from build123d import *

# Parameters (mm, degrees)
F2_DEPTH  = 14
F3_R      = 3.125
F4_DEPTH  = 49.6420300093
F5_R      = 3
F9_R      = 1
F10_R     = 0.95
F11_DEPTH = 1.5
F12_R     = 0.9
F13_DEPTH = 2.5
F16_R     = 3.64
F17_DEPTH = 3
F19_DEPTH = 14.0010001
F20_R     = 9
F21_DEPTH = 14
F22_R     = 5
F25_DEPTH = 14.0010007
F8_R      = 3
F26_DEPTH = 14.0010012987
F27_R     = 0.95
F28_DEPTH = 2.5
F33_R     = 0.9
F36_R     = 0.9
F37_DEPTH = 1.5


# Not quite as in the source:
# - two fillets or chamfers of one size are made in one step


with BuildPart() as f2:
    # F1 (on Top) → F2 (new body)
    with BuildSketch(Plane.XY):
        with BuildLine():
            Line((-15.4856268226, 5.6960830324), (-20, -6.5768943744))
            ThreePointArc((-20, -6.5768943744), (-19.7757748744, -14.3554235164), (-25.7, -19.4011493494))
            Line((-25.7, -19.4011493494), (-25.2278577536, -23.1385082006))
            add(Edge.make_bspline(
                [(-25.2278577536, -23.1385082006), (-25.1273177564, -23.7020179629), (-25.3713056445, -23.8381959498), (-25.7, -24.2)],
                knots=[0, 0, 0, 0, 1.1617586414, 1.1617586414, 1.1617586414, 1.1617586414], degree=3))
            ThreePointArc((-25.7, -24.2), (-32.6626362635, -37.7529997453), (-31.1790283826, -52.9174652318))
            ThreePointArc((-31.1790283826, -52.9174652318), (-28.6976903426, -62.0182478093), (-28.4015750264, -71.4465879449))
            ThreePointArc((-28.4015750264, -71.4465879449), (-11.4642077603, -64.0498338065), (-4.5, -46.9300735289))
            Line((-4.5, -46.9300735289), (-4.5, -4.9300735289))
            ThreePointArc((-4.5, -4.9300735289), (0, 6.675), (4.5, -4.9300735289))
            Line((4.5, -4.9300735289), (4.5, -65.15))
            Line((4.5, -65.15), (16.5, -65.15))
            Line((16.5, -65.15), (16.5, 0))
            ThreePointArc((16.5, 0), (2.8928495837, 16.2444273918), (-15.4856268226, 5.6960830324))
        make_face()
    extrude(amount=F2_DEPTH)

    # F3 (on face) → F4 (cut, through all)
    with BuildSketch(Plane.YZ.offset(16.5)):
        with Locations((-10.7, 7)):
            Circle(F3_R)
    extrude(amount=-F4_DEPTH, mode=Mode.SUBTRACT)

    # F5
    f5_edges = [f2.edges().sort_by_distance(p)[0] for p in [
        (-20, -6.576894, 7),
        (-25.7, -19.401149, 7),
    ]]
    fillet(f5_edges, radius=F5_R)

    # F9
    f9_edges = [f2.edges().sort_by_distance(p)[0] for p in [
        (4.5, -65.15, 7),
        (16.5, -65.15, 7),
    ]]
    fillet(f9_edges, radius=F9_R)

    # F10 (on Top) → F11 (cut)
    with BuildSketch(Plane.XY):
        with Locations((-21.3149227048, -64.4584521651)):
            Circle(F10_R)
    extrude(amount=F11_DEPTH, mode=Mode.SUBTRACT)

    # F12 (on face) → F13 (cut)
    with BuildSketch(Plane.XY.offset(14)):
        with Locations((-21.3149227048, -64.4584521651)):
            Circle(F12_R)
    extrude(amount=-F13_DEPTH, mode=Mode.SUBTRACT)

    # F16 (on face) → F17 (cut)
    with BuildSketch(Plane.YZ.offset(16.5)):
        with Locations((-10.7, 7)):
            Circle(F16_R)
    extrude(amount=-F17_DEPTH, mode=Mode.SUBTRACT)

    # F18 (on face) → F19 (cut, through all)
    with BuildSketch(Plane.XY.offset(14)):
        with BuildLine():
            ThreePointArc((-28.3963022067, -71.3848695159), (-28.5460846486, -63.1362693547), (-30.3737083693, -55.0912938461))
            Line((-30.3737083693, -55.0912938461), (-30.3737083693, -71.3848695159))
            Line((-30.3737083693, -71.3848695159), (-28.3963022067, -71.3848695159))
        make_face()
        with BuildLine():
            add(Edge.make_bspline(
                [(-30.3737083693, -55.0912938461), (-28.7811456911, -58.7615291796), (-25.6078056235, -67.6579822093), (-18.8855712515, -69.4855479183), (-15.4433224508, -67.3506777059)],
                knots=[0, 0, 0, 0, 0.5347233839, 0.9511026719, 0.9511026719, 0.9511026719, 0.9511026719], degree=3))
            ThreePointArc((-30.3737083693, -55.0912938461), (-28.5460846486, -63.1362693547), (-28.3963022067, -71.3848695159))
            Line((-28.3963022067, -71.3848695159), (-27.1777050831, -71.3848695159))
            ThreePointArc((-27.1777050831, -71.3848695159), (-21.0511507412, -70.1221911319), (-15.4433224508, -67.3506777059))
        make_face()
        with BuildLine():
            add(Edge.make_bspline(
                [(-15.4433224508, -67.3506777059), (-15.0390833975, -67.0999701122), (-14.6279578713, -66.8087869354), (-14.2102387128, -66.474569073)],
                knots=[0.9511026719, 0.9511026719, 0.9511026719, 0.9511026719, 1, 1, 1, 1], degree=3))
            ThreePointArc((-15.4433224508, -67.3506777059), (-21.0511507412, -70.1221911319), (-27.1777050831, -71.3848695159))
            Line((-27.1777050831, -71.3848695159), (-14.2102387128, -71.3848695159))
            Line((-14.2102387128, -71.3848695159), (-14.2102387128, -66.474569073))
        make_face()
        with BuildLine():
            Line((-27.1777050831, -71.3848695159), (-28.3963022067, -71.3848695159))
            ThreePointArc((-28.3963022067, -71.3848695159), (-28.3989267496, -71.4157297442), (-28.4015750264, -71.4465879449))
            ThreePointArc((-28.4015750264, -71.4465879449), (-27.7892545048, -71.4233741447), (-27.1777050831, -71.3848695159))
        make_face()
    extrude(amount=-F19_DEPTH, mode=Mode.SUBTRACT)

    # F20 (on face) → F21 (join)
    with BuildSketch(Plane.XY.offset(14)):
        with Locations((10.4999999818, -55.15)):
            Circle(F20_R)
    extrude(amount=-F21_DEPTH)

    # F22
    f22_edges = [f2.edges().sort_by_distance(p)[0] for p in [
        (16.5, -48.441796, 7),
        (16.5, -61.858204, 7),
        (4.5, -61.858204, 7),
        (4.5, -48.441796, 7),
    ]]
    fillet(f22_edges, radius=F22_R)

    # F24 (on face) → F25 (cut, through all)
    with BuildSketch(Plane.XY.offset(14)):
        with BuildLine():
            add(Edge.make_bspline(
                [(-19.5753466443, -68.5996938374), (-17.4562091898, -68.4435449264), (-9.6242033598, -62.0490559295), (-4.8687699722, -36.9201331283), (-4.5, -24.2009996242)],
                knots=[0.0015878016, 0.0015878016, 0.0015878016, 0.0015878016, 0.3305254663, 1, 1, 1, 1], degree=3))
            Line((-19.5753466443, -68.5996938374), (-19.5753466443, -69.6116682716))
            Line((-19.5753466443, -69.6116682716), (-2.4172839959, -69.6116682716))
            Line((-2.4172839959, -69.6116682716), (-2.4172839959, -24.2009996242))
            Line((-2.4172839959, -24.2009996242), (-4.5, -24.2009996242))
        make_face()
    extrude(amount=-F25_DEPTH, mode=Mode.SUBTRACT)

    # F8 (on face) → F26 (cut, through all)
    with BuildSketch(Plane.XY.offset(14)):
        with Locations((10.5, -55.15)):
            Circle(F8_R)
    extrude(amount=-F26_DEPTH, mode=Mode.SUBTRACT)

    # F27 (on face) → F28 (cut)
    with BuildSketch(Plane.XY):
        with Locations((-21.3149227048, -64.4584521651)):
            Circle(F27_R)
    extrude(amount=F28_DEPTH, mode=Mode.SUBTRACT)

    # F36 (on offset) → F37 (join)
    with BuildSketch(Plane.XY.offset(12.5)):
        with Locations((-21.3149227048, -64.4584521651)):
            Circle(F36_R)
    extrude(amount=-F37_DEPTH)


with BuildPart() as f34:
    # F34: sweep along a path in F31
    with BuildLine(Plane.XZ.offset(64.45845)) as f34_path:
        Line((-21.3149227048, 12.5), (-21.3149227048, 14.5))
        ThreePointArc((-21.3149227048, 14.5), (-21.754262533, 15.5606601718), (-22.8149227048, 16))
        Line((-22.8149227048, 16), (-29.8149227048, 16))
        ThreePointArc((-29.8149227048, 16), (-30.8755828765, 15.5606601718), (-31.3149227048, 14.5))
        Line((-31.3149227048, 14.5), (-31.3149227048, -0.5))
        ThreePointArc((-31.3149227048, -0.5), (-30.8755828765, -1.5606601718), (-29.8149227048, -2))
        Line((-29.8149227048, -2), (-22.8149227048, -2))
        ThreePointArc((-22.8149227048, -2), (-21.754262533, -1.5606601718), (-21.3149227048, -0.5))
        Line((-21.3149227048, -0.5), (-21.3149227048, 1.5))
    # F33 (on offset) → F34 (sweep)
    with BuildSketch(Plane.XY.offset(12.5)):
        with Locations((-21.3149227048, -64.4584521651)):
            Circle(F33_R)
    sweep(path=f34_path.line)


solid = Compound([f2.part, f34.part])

---

▶ _GOAL OF THE EXERCISE_
Lines from the one containing "extrude(amount=-F37_DEPTH)" through the last line of the records, both included, are the only ones to print, each exactly as it is.

▶ _ANSWER AREA_
    extrude(amount=-F37_DEPTH)


with BuildPart() as f34:
    # F34: sweep along a path in F31
    with BuildLine(Plane.XZ.offset(64.45845)) as f34_path:
        Line((-21.3149227048, 12.5), (-21.3149227048, 14.5))
        ThreePointArc((-21.3149227048, 14.5), (-21.754262533, 15.5606601718), (-22.8149227048, 16))
        Line((-22.8149227048, 16), (-29.8149227048, 16))
        ThreePointArc((-29.8149227048, 16), (-30.8755828765, 15.5606601718), (-31.3149227048, 14.5))
        Line((-31.3149227048, 14.5), (-31.3149227048, -0.5))
        ThreePointArc((-31.3149227048, -0.5), (-30.8755828765, -1.5606601718), (-29.8149227048, -2))
        Line((-29.8149227048, -2), (-22.8149227048, -2))
        ThreePointArc((-22.8149227048, -2), (-21.754262533, -1.5606601718), (-21.3149227048, -0.5))
        Line((-21.3149227048, -0.5), (-21.3149227048, 1.5))
    # F33 (on offset) → F34 (sweep)
    with BuildSketch(Plane.XY.offset(12.5)):
        with Locations((-21.3149227048, -64.4584521651)):
            Circle(F33_R)
    sweep(path=f34_path.line)


solid = Compound([f2.part, f34.part])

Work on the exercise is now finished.